Rieder definierte das häufig verwendete Schlagwort "Digitalisierung 4.0" näher. 94 Prozent der deutschen Unternehmen sähen sich von der Digitalisierung betroffen, 83 Prozent davon erkennen hier die Möglichkeiten für hohe Umsatzsteigerungen. Die sogenannten "Industrie 4.0-Angebote" litten teils unter überzogenen Erwartungen, die Gefahr liefen, enttäuscht zu werden.

Im Kern drehe sich das Konzept um die digitale Verknüpfung von Produktion, Marketing und Logistik. Das "4.0" stehe nach dem mechanischen Webstuhl, der Massenproduktion und der ersten Automatisierungswelle für die vierte große industrielle Revolution. Unternehmen versprechen sich laut Rieder in erster Linie hohe Effizienzgewinne und eine höhere Flexibilität bei der Auftragsabarbeitung.

Auch der Tirschenreuther Kreisvorsitzende Leonhard Zintl ging auf die technische Entwicklung ein. Er erinnerte an die vielen Jahrzehnte, die es gedauert hat, bis jeder Haushalt einen Radio oder einen Fernseher hatte. Das Smartphone habe sich dagegen nach rund eineinhalb Jahren weltweit durchgesetzt.

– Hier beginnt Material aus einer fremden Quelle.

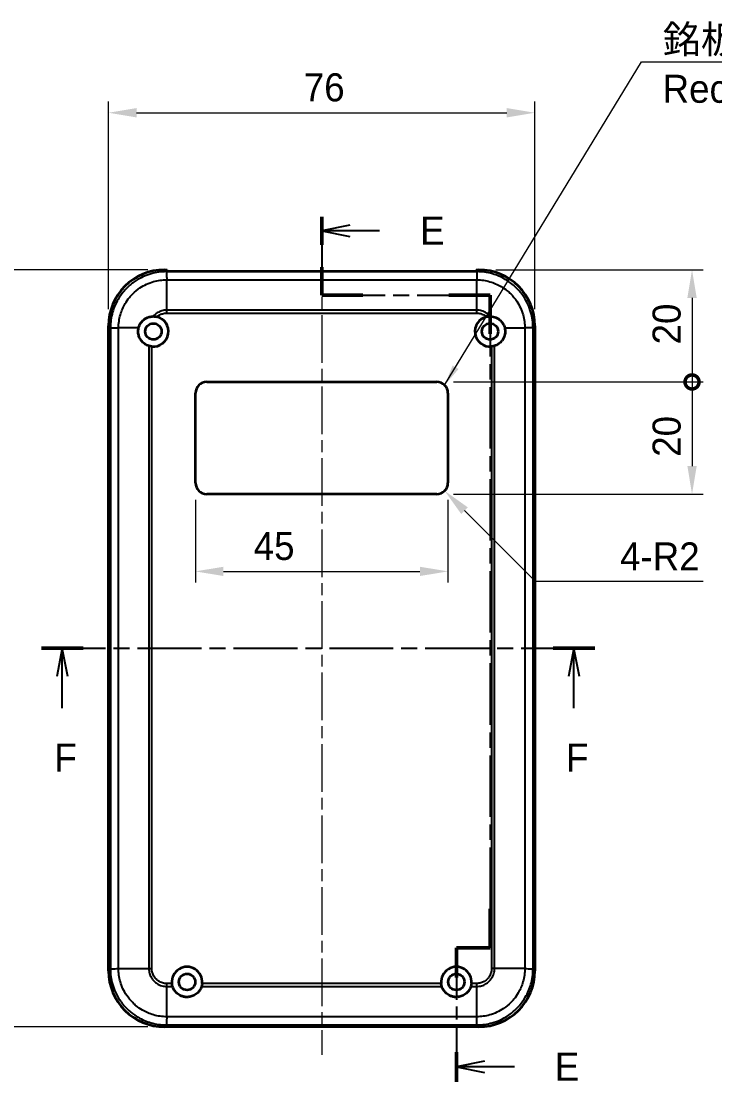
# Model space of a CAD drawing. Header units: millimetres. Extents: x 0 to 3058, y 0 to 562.
# Drawn here: x 2135 to 2258.6, y 256.6 to 445.7 of the extents above; entities that cross this region are included whole.
import ezdxf

# ---------------------------------------------------------------- set-up
doc = ezdxf.new("R2010")
doc.units = ezdxf.units.MM
doc.header["$LTSCALE"] = 1.5
doc.linetypes.add('CHAIN', pattern=[0.3543, 0.2362, -0.0295, 0.0591, -0.0295])
doc.layers.get('Defpoints').update_dxf_attribs({"lineweight": 25})
for name, color, linetype, lineweight in [('Centerline (ISO)', 131, 'Continuous', 18), ('Dimension (ISO)', 7, 'Continuous', 18), ('Dimension (ISO) @ 1', 7, 'Continuous', 18), ('Section Line (ISO)', 7, 'CHAIN', 25), ('Symbol (ISO)', 7, 'Continuous', 18), ('Visible (ISO)', 7, 'Continuous', 35), ('Visible Narrow (ISO)', 7, 'Continuous', 25)]:
    doc.layers.add(name, color=color, linetype=linetype, lineweight=lineweight)
doc.styles.add('Note Text (TK)', font='')
doc.styles.get('Note Text (TK)').set_extended_font_data('MS PGothic')
doc.dimstyles.new('Default - Method 1b (TK)', dxfattribs={"dimscale": 1.5, "dimtxt": 2.5, "dimasz": 2.5, "dimexe": 1, "dimexo": 1.5, "dimgap": 1, "dimtad": 1, "dimtoh": 1, "dimrnd": 1e-08, "dimdsep": 46, "dimtxsty": 'Note Text (TK)', "dimcen": 0.09, "dimdle": 5, "dimclrd": 100, "dimclre": 100, "dimclrt": 7, "dimadec": 1, "dimazin": 1, "dimtfac": 1, "dimtmove": 0, "dimatfit": 3, "dimfxl": 1, "dimtolj": 1, "dimlwd": -1, "dimlwe": -1, "dimarcsym": 0})
doc.dimstyles.new('Default - Method 1b (TK)$7', dxfattribs={"dimscale": 1.5, "dimtxt": 2.5, "dimasz": 2.5, "dimexe": 1, "dimexo": 1.5, "dimgap": 1, "dimtad": 1, "dimtoh": 1, "dimrnd": 1e-08, "dimdsep": 46, "dimtxsty": 'Note Text (TK)', "dimcen": 0.09, "dimdle": 5, "dimclrd": 100, "dimclre": 100, "dimclrt": 7, "dimadec": 1, "dimazin": 1, "dimtfac": 1, "dimtmove": 0, "dimatfit": 3, "dimfxl": 1, "dimtolj": 1, "dimlwd": -1, "dimlwe": -1, "dimarcsym": 0})

# ---------------------------------------------------------------- blocks, each defined once
blk = doc.blocks.new('2dTransSection4')
at = {"layer": 'Section Line (ISO)', "linetype": 'CHAIN', "ltscale": 12.648354}
blk.add_line((108.786, 213.397), (108.786, 206.434), dxfattribs=at)
at = {"layer": 'Section Line (ISO)', "linetype": 'Continuous', "lineweight": 50}
for p, q in [((108.786, 213.397), (108.786, 210.915)), ((108.786, 208.915), (108.786, 206.434)), ((108.786, 206.434), (112.453, 206.434)), ((120.12, 206.434), (123.786, 206.434)), ((123.786, 206.434), (123.786, 202.962)), ((123.786, 151.71), (123.786, 148.237)), ((123.786, 148.237), (120.786, 148.237)), ((120.786, 148.237), (120.786, 145.587)), ((120.786, 138.936), (120.786, 136.285))]:
    blk.add_line(p, q, dxfattribs=at)
at = {"layer": 'Section Line (ISO)', "linetype": 'Continuous'}
for p, q in [((111.286, 212.656), (108.786, 212.156)), ((111.286, 212.156), (108.786, 212.156)), ((108.786, 212.156), (111.286, 211.656)), ((113.938, 212.156), (111.286, 212.156)), ((123.286, 138.11), (120.786, 137.61)), ((123.286, 137.61), (120.786, 137.61)), ((120.786, 137.61), (123.286, 137.11)), ((125.959, 137.61), (123.286, 137.61))]:
    blk.add_line(p, q, dxfattribs=at)
at = {"layer": 'Section Line (ISO)', "linetype": 'CHAIN', "ltscale": 15.993979}
blk.add_line((108.786, 206.434), (123.786, 206.434), dxfattribs=at)
at = {"layer": 'Section Line (ISO)', "linetype": 'CHAIN', "ltscale": 15.445704}
blk.add_line((123.786, 206.434), (123.786, 148.237), dxfattribs=at)
at = {"layer": 'Section Line (ISO)', "linetype": 'CHAIN', "ltscale": 3.333522}
blk.add_line((123.786, 148.237), (120.786, 148.237), dxfattribs=at)
at = {"layer": 'Section Line (ISO)', "linetype": 'CHAIN', "ltscale": 13.126664}
blk.add_line((120.786, 148.237), (120.786, 136.285), dxfattribs=at)
at = {"layer": 'Section Line (ISO)', "char_height": 2.5, "attachment_point": 7, "style": 'Note Text (TK)'}
for insert in [(117.558, 210.928), (129.558, 136.382)]:
    blk.add_mtext('E', dxfattribs=dict(at, insert=insert))
blk = doc.blocks.new('2dTransSection5')
at = {"layer": 'Section Line (ISO)', "linetype": 'CHAIN', "ltscale": 16.08761}
blk.add_line((83.819, 174.937), (133.118, 174.937), dxfattribs=at)
at = {"layer": 'Section Line (ISO)', "linetype": 'Continuous', "lineweight": 50}
for p, q in [((83.819, 174.937), (87.519, 174.937)), ((129.418, 174.937), (133.118, 174.937))]:
    blk.add_line(p, q, dxfattribs=at)
at = {"layer": 'Section Line (ISO)', "linetype": 'Continuous'}
for p, q in [((85.669, 174.937), (85.169, 172.437)), ((85.669, 172.437), (85.669, 174.937)), ((86.169, 172.437), (85.669, 174.937)), ((131.268, 174.937), (130.768, 172.437)), ((131.268, 172.437), (131.268, 174.937)), ((131.768, 172.437), (131.268, 174.937)), ((85.669, 169.606), (85.669, 172.437)), ((131.268, 169.606), (131.268, 172.437))]:
    blk.add_line(p, q, dxfattribs=at)
at = {"layer": 'Section Line (ISO)', "char_height": 2.5, "attachment_point": 7, "style": 'Note Text (TK)'}
for insert in [(84.959, 163.937), (130.557, 163.937)]:
    blk.add_mtext('F', dxfattribs=dict(at, insert=insert))
blk = doc.blocks.new('*D104')
at = {"layer": 'Defpoints', "color": 0}
for p in [(2226.57, 429.38), (2150.57, 391.38), (2226.57, 391.38)]:
    blk.add_point(p, dxfattribs=at)
at = {"layer": 'Dimension (ISO)', "color": 100}
for p, q in [((2150.57, 394.38), (2150.57, 431.38)), ((2226.57, 394.38), (2226.57, 431.38)), ((2155.57, 429.38), (2221.57, 429.38))]:
    blk.add_line(p, q, dxfattribs=at)
for points in [[(2155.57, 430.21), (2155.57, 428.55), (2150.57, 429.38)], [(2221.57, 430.21), (2221.57, 428.55), (2226.57, 429.38)]]:
    blk.add_solid(points, dxfattribs=at)
at = {"layer": 'Dimension (ISO)', "color": 7, "insert": (2185.38, 433.88), "char_height": 5, "attachment_point": 4, "style": 'Note Text (TK)'}
blk.add_mtext('\\A1;76', dxfattribs=at)
blk = doc.blocks.new('*D105')
at = {"layer": 'Defpoints', "color": 0}
for p in [(2160.57, 401.37), (2122.57, 266.37), (2160.57, 266.37)]:
    blk.add_point(p, dxfattribs=at)
at = {"layer": 'Dimension (ISO)', "color": 100}
for p, q in [((2157.57, 401.37), (2120.57, 401.37)), ((2122.57, 396.37), (2122.57, 271.37)), ((2157.57, 266.37), (2120.57, 266.37))]:
    blk.add_line(p, q, dxfattribs=at)
for points in [[(2121.73, 396.37), (2123.4, 396.37), (2122.57, 401.37)], [(2121.73, 271.37), (2123.4, 271.37), (2122.57, 266.37)]]:
    blk.add_solid(points, dxfattribs=at)
at = {"layer": 'Dimension (ISO)', "color": 7, "insert": (2118.07, 328.99), "char_height": 5, "attachment_point": 4, "rotation": 90, "style": 'Note Text (TK)'}
blk.add_mtext('\\A1;135', dxfattribs=at)
blk = doc.blocks.new('_DotSmall')
at = {"color": 0, "linetype": 'ByBlock', "const_width": 0.5}
blk.add_lwpolyline([(-0.0625, 0, 1), (0.0625, 0, 1)], format="xyb", close=True, dxfattribs=at)
blk = doc.blocks.new('*D110')
at = {"layer": 'Defpoints', "color": 0}
for p in [(2216.58, 401.37), (2209.07, 381.37), (2254.58, 381.37)]:
    blk.add_point(p, dxfattribs=at)
at = {"layer": 'Dimension (ISO)', "color": 100}
for p, q in [((2219.58, 401.37), (2256.58, 401.37)), ((2254.58, 396.37), (2254.58, 381.37)), ((2212.07, 381.37), (2256.58, 381.37))]:
    blk.add_line(p, q, dxfattribs=at)
blk.add_solid([(2253.75, 396.37), (2255.41, 396.37), (2254.58, 401.37)], dxfattribs=at)
at = {"layer": 'Dimension (ISO)', "color": 100, "xscale": 5, "yscale": 5, "zscale": 5, "rotation": 270}
blk.add_blockref('_DotSmall', (2254.58, 381.37), dxfattribs=at)
at = {"layer": 'Dimension (ISO)', "color": 7, "insert": (2250.08, 388.07), "char_height": 5, "attachment_point": 4, "rotation": 90, "style": 'Note Text (TK)'}
blk.add_mtext('\\A1;20', dxfattribs=at)
blk = doc.blocks.new('*D81')
at = {"layer": 'Defpoints', "color": 0}
for p in [(2209.07, 381.37), (2209.07, 361.37), (2254.58, 361.37)]:
    blk.add_point(p, dxfattribs=at)
at = {"layer": 'Dimension (ISO)', "color": 100}
for p, q in [((2212.07, 381.37), (2256.58, 381.37)), ((2254.58, 381.37), (2254.58, 366.37)), ((2212.07, 361.37), (2256.58, 361.37))]:
    blk.add_line(p, q, dxfattribs=at)
blk.add_solid([(2253.75, 366.37), (2255.41, 366.37), (2254.58, 361.37)], dxfattribs=at)
at = {"layer": 'Dimension (ISO)', "color": 100, "xscale": 5, "yscale": 5, "zscale": 5, "rotation": 90}
blk.add_blockref('_DotSmall', (2254.58, 381.37), dxfattribs=at)
at = {"layer": 'Dimension (ISO)', "color": 7, "insert": (2250.08, 368.03), "char_height": 5, "attachment_point": 4, "rotation": 90, "style": 'Note Text (TK)'}
blk.add_mtext('\\A1;20', dxfattribs=at)
blk = doc.blocks.new('*D82')
at = {"layer": 'Defpoints', "color": 0}
for p in [(2209.07, 363.37), (2210.49, 361.96)]:
    blk.add_point(p, dxfattribs=at)
at = {"layer": 'Dimension (ISO)', "color": 100}
for p, q in [((2226.69, 345.76), (2214.02, 358.43)), ((2256.58, 345.76), (2226.69, 345.76))]:
    blk.add_line(p, q, dxfattribs=at)
blk.add_solid([(2214.61, 359.01), (2213.43, 357.84), (2210.49, 361.96)], dxfattribs=at)
at = {"layer": 'Dimension (ISO)', "color": 7, "insert": (2241.76, 350.26), "char_height": 5, "attachment_point": 4, "style": 'Note Text (TK)'}
blk.add_mtext('\\A1;\\fＭＳ Ｐゴシック|b0|i0;\\H5.0000;4-R2', dxfattribs=at)
blk = doc.blocks.new('*D83')
at = {"layer": 'Defpoints', "color": 0}
for p in [(2166.07, 363.37), (2211.07, 363.37), (2211.07, 347.59)]:
    blk.add_point(p, dxfattribs=at)
at = {"layer": 'Dimension (ISO)', "color": 100}
for p, q in [((2166.07, 360.37), (2166.07, 345.59)), ((2211.07, 360.37), (2211.07, 345.59)), ((2171.07, 347.59), (2206.07, 347.59))]:
    blk.add_line(p, q, dxfattribs=at)
for points in [[(2171.07, 348.42), (2171.07, 346.76), (2166.07, 347.59)], [(2206.07, 348.42), (2206.07, 346.76), (2211.07, 347.59)]]:
    blk.add_solid(points, dxfattribs=at)
at = {"layer": 'Dimension (ISO)', "color": 7, "insert": (2176.45, 352.09), "char_height": 5, "attachment_point": 4, "style": 'Note Text (TK)'}
blk.add_mtext('\\A1;45', dxfattribs=at)

msp = doc.modelspace()

# ---------------------------------------------------------------- linework, layer by layer
at = {"layer": 'Centerline (ISO)', "linetype": 'CHAIN', "ltscale": 23.990969}
msp.add_line((2188.5728, 406.0416), (2188.5728, 261.3749), dxfattribs=at)
at = {"layer": 'Visible (ISO)'}
for p, q in [((2160.5667, 401.3749), (2161.0228, 401.3749)), ((2161.0228, 401.0431), (2161.0228, 401.3749)), ((2216.1228, 401.0431), (2161.0228, 401.0431)), ((2216.1228, 401.3749), (2216.1228, 401.0431)), ((2216.1228, 401.3749), (2216.5789, 401.3749)), ((2150.5728, 276.3688), (2150.5728, 391.381)), ((2226.5728, 391.381), (2226.5728, 276.3688)), ((2168.0728, 381.3749), (2209.0728, 381.3749)), ((2166.0728, 363.3749), (2166.0728, 379.3749)), ((2211.0728, 379.3749), (2211.0728, 363.3749)), ((2209.0728, 361.3749), (2168.0728, 361.3749)), ((2216.5789, 266.3749), (2160.5667, 266.3749))]:
    msp.add_line(p, q, dxfattribs=at)
for centre in [(2158.5728, 390.3749), (2218.5728, 390.3749), (2164.5728, 274.3749), (2212.5728, 274.3749)]:
    msp.add_circle(centre, 1.45, dxfattribs=at)
for centre, radius, start, end in [((2158.5728, 390.3749), 2.7, 264.287631, 76.547675), ((2218.5728, 390.3749), 2.7, 103.452325, 275.712369), ((2168.0728, 379.3749), 2, 90, 180), ((2209.0728, 379.3749), 2, 0, 90), ((2168.0728, 363.3749), 2, 180, 270), ((2209.0728, 363.3749), 2, 270, 0), ((2164.5728, 274.3749), 2.7, 354.287631, 185.712369), ((2212.5728, 274.3749), 2.7, 354.287631, 185.712369)]:
    msp.add_arc(centre, radius, start, end, dxfattribs=at)
for centre, major_axis in [((2160.5789, 391.3688), (-7.0797, 7.0797)), ((2216.5667, 391.3688), (7.0797, 7.0797)), ((2160.5789, 276.381), (-7.0797, -7.0797)), ((2216.5667, 276.381), (7.0797, -7.0797))]:
    msp.add_ellipse(centre, major_axis=major_axis, ratio=0.99878277, start_param=5.49839613, end_param=7.06797448, dxfattribs=at)
for points, knots in [([(2155.9454, 390.9968), (2156.0155, 391.2928), (2156.1349, 391.5743), (2156.4508, 392.0681), (2156.6396, 392.2807), (2157.1366, 392.6896), (2157.4582, 392.8602), (2158.0447, 393.0347), (2158.2944, 393.0721), (2158.5446, 393.0747)], [-0.397718375, -0.397718375, -0.397718375, -0.397718375, -0.306121113, -0.306121113, -0.220565371, -0.220565371, -0.110928462, -0.110928462, -0.03399724, -0.03399724, -0.03399724, -0.03399724]), ([(2158.5446, 393.0747), (2158.6564, 393.0759), (2158.769, 393.0701), (2158.9888, 393.0448), (2159.0955, 393.026), (2159.2009, 393.0008)], [-0.0667034986, -0.0667034986, -0.0667034986, -0.0667034986, -0.0325176309, -0.0325176309, -0.0000000047, -0.0000000047, -0.0000000047, -0.0000000047]), ([(2217.9447, 393.0008), (2218.0518, 393.0264), (2218.1603, 393.0454), (2218.3801, 393.0703), (2218.491, 393.0759), (2218.601, 393.0747)], [-0.0667245398, -0.0667245398, -0.0667245398, -0.0667245398, -0.0336620514, -0.0336620514, 0, 0, 0, 0]), ([(2218.601, 393.0747), (2218.7924, 393.0727), (2218.9836, 393.0504), (2219.4915, 392.9349), (2219.7964, 392.8042), (2220.3518, 392.4338), (2220.5959, 392.1949), (2220.9825, 391.6388), (2221.1221, 391.3269), (2221.2002, 390.9968)], [-0.363435919, -0.363435919, -0.363435919, -0.363435919, -0.304697337, -0.304697337, -0.204614643, -0.204614643, -0.102097776, -0.102097776, 0, 0, 0, 0]), ([(2157.76, 387.8001), (2157.6267, 387.8422), (2157.4965, 387.8947), (2157.1318, 388.076), (2156.9106, 388.2302), (2156.5167, 388.6037), (2156.3469, 388.8218), (2156.1009, 389.2647), (2156.0149, 389.4801), (2155.9261, 389.8263), (2155.9035, 389.9501), (2155.8832, 390.1313), (2155.8787, 390.1877), (2155.8746, 390.2727), (2155.8737, 390.3012), (2155.8728, 390.3523), (2155.8727, 390.375), (2155.8731, 390.423), (2155.8737, 390.4483), (2155.8762, 390.5158), (2155.8787, 390.5578), (2155.8934, 390.7336), (2155.9145, 390.8663), (2155.9454, 390.9968)], [-0.409984685, -0.409984685, -0.409984685, -0.409984685, -0.366522343, -0.366522343, -0.284018358, -0.284018358, -0.200348508, -0.200348508, -0.130632132, -0.130632132, -0.092868481, -0.092868481, -0.075897997, -0.075897997, -0.067344445, -0.067344445, -0.060551491, -0.060551491, -0.052942596, -0.052942596, -0.040306178, -0.040306178, 0, 0, 0, 0]), ([(2221.2002, 390.9968), (2221.23, 390.8709), (2221.2507, 390.7429), (2221.2662, 390.5694), (2221.269, 390.5248), (2221.2718, 390.4543), (2221.2724, 390.4284), (2221.2729, 390.3798), (2221.2728, 390.3571), (2221.2721, 390.3067), (2221.2712, 390.2789), (2221.2675, 390.1983), (2221.2636, 390.1455), (2221.2428, 389.9474), (2221.2157, 389.8036), (2221.0839, 389.3213), (2220.9249, 389.0036), (2220.5408, 388.5053), (2220.3381, 388.3133), (2219.8873, 388.0008), (2219.6426, 387.8812), (2219.3857, 387.8001)], [-0.439446916, -0.439446916, -0.439446916, -0.439446916, -0.400500561, -0.400500561, -0.387099473, -0.387099473, -0.379299349, -0.379299349, -0.372499828, -0.372499828, -0.364150077, -0.364150077, -0.348244359, -0.348244359, -0.304294141, -0.304294141, -0.197659079, -0.197659079, -0.112611254, -0.112611254, -0.028646125, -0.028646125, -0.028646125, -0.028646125]), ([(2158.3041, 387.6883), (2158.2115, 387.6975), (2158.1197, 387.7115), (2157.9373, 387.749), (2157.8473, 387.7725), (2157.76, 387.8001)], [-0.0563926452, -0.0563926452, -0.0563926452, -0.0563926452, -0.0284703173, -0.0284703173, 0, 0, 0, 0]), ([(2219.3857, 387.8001), (2219.2983, 387.7725), (2219.2083, 387.749), (2219.0259, 387.7115), (2218.9342, 387.6975), (2218.8416, 387.6883)], [-0.0563839782, -0.0563839782, -0.0563839782, -0.0563839782, -0.0279179742, -0.0279179742, 0, 0, 0, 0]), ([(2161.9981, 273.562), (2161.9485, 273.719), (2161.9125, 273.8834), (2161.89, 274.0704), (2161.888, 274.0882), (2161.8862, 274.1061)], [-0.0565080673, -0.0565080673, -0.0565080673, -0.0565080673, -0.0053919863, -0.0053919863, 0, 0, 0, 0]), ([(2167.1475, 273.562), (2167.111, 273.4462), (2167.0665, 273.3327), (2166.9119, 273.005), (2166.7803, 272.8014), (2166.4399, 272.4044), (2166.2242, 272.22), (2165.7517, 271.9309), (2165.5004, 271.8246), (2165.118, 271.7277), (2164.9976, 271.7057), (2164.8139, 271.6849), (2164.7515, 271.6801), (2164.6419, 271.6753), (2164.5947, 271.6745), (2164.4973, 271.6754), (2164.4472, 271.6773), (2164.3201, 271.6856), (2164.2433, 271.6939), (2163.9653, 271.7362), (2163.7681, 271.7896), (2163.2925, 271.9778), (2163.029, 272.1389), (2162.5355, 272.5688), (2162.3209, 272.8459), (2162.098, 273.2853), (2162.0423, 273.4219), (2161.9981, 273.562)], [-0.723889884, -0.723889884, -0.723889884, -0.723889884, -0.686083319, -0.686083319, -0.611655667, -0.611655667, -0.525541143, -0.525541143, -0.443520627, -0.443520627, -0.406768973, -0.406768973, -0.387969052, -0.387969052, -0.373799247, -0.373799247, -0.358729695, -0.358729695, -0.335536439, -0.335536439, -0.274195039, -0.274195039, -0.181089418, -0.181089418, -0.074338472, -0.074338472, -0.02862529, -0.02862529, -0.02862529, -0.02862529]), ([(2167.2594, 274.1061), (2167.2501, 274.0135), (2167.2361, 273.9218), (2167.1986, 273.7393), (2167.1751, 273.6494), (2167.1475, 273.562)], [-0.0563926453, -0.0563926453, -0.0563926453, -0.0563926453, -0.0284701485, -0.0284701485, 0, 0, 0, 0]), ([(2209.9981, 273.562), (2209.9485, 273.719), (2209.9125, 273.8834), (2209.89, 274.0704), (2209.888, 274.0882), (2209.8862, 274.1061)], [-0.0565080673, -0.0565080673, -0.0565080673, -0.0565080673, -0.0053919863, -0.0053919863, 0, 0, 0, 0]), ([(2215.1475, 273.562), (2215.111, 273.4462), (2215.0666, 273.3328), (2214.9121, 273.0053), (2214.7806, 272.8018), (2214.4403, 272.4048), (2214.2247, 272.2203), (2213.752, 271.931), (2213.5006, 271.8246), (2213.1179, 271.7276), (2212.9975, 271.7057), (2212.8138, 271.6849), (2212.7514, 271.68), (2212.6417, 271.6753), (2212.5945, 271.6745), (2212.4972, 271.6755), (2212.447, 271.6773), (2212.3199, 271.6856), (2212.2432, 271.6939), (2211.9653, 271.7362), (2211.7682, 271.7896), (2211.2926, 271.9778), (2211.029, 272.1388), (2210.5355, 272.5688), (2210.3209, 272.8459), (2210.098, 273.2853), (2210.0423, 273.4219), (2209.9981, 273.562)], [-0.723890047, -0.723890047, -0.723890047, -0.723890047, -0.686108666, -0.686108666, -0.611718102, -0.611718102, -0.525593699, -0.525593699, -0.443518141, -0.443518141, -0.40675463, -0.40675463, -0.387951732, -0.387951732, -0.373781431, -0.373781431, -0.358713042, -0.358713042, -0.335524765, -0.335524765, -0.274207076, -0.274207076, -0.181088175, -0.181088175, -0.07433961, -0.07433961, -0.02862529, -0.02862529, -0.02862529, -0.02862529]), ([(2215.2594, 274.1061), (2215.2501, 274.0135), (2215.2361, 273.9218), (2215.1986, 273.7393), (2215.1751, 273.6494), (2215.1475, 273.562)], [-0.0563926453, -0.0563926453, -0.0563926453, -0.0563926453, -0.0284701485, -0.0284701485, 0, 0, 0, 0])]:
    msp.add_open_spline(points, degree=3, knots=knots, dxfattribs=at)
at = {"layer": 'Visible Narrow (ISO)'}
for p, q in [((2160.9, 401.0416), (2160.5667, 401.3749)), ((2216.2456, 401.0416), (2160.9, 401.0416)), ((2216.5789, 401.3749), (2216.2456, 401.0416)), ((2160.9509, 399.5869), (2216.1947, 399.5869)), ((2160.9509, 394.1877), (2160.9509, 399.5868)), ((2216.1947, 394.1877), (2216.1947, 399.5868)), ((2160.948, 393.6436), (2216.1976, 393.6436)), ((2160.9509, 394.1877), (2160.9509, 394.1877)), ((2216.1947, 394.1877), (2160.9509, 394.1877)), ((2216.1947, 394.1877), (2216.1947, 394.1877)), ((2150.5728, 391.381), (2150.9061, 391.0477)), ((2150.9061, 391.0477), (2150.9061, 276.702)), ((2152.3607, 276.7529), (2152.3607, 390.9968)), ((2155.9454, 390.9968), (2152.3609, 390.9968)), ((2221.2002, 390.9968), (2224.7847, 390.9968)), ((2224.7849, 390.9968), (2224.7849, 276.7529)), ((2226.2395, 391.0477), (2226.5728, 391.381)), ((2226.2395, 276.702), (2226.2395, 391.0477)), ((2157.76, 387.8001), (2157.76, 276.7529)), ((2219.3857, 276.7529), (2219.3857, 387.8001)), ((2158.3041, 276.75), (2158.3041, 387.6883)), ((2218.8416, 387.6883), (2218.8416, 276.75)), ((2150.9061, 276.7021), (2150.5728, 276.3688)), ((2152.3607, 276.7529), (2157.7599, 276.7529)), ((2157.7599, 276.7529), (2157.76, 276.7529)), ((2219.3857, 276.7529), (2219.3857, 276.7529)), ((2224.7849, 276.7529), (2219.3857, 276.7529)), ((2226.5728, 276.3688), (2226.2395, 276.702)), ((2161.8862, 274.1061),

Das Thema steht aber nicht nur bei Großunternehmen auf der Agenda, sondern auch bei kleinen und mittelständischen Betrieben. Exemplarisch nannte Rieder die Firmen RMZ in Erbendorf, IGZ in Falkenberg und speed4trade in Altenstadt/WN. Selbst bei alteingesessenen Familienbetrieben habe die Digitalisierung Einzug gehalten und zu Umsatzsteigerungen geführt. Die Wirtschaftsvertreter machten bewusst, dass in Zeiten des Fachkräftemangels die Schaffung neuer Berufsfelder notwendig ist. Für diese sei aber oftmals eine höhere Qualifikation notwendig. Die größte Gefahr der Digitalisierung ist laut Rieder die Datensicherheit. Unternehmensprozesse werden sichtbarer und sind vor Hackerangriffen nie komplett geschützt.

Helmut Hör vom Wirtschaftbeirat Bayern erinnerte, dass in der Nordoberpfalz rund 15 000 Arbeitsplätze im Bereich der Automatisierung mittlerweile gebunden sind, was für ganz Deutschland eine Art Vorbildfunktion habe. Florian Rieder regte abschließend an, die Angebote der OTH im Technologien-Transfer zu nutzen. Auch können staatliche Hilfen Unterstützung bieten, so der geplante Digitalbonus oder die digitalen Gründerzentren des Bayerischen Wirtschaftsministeriums.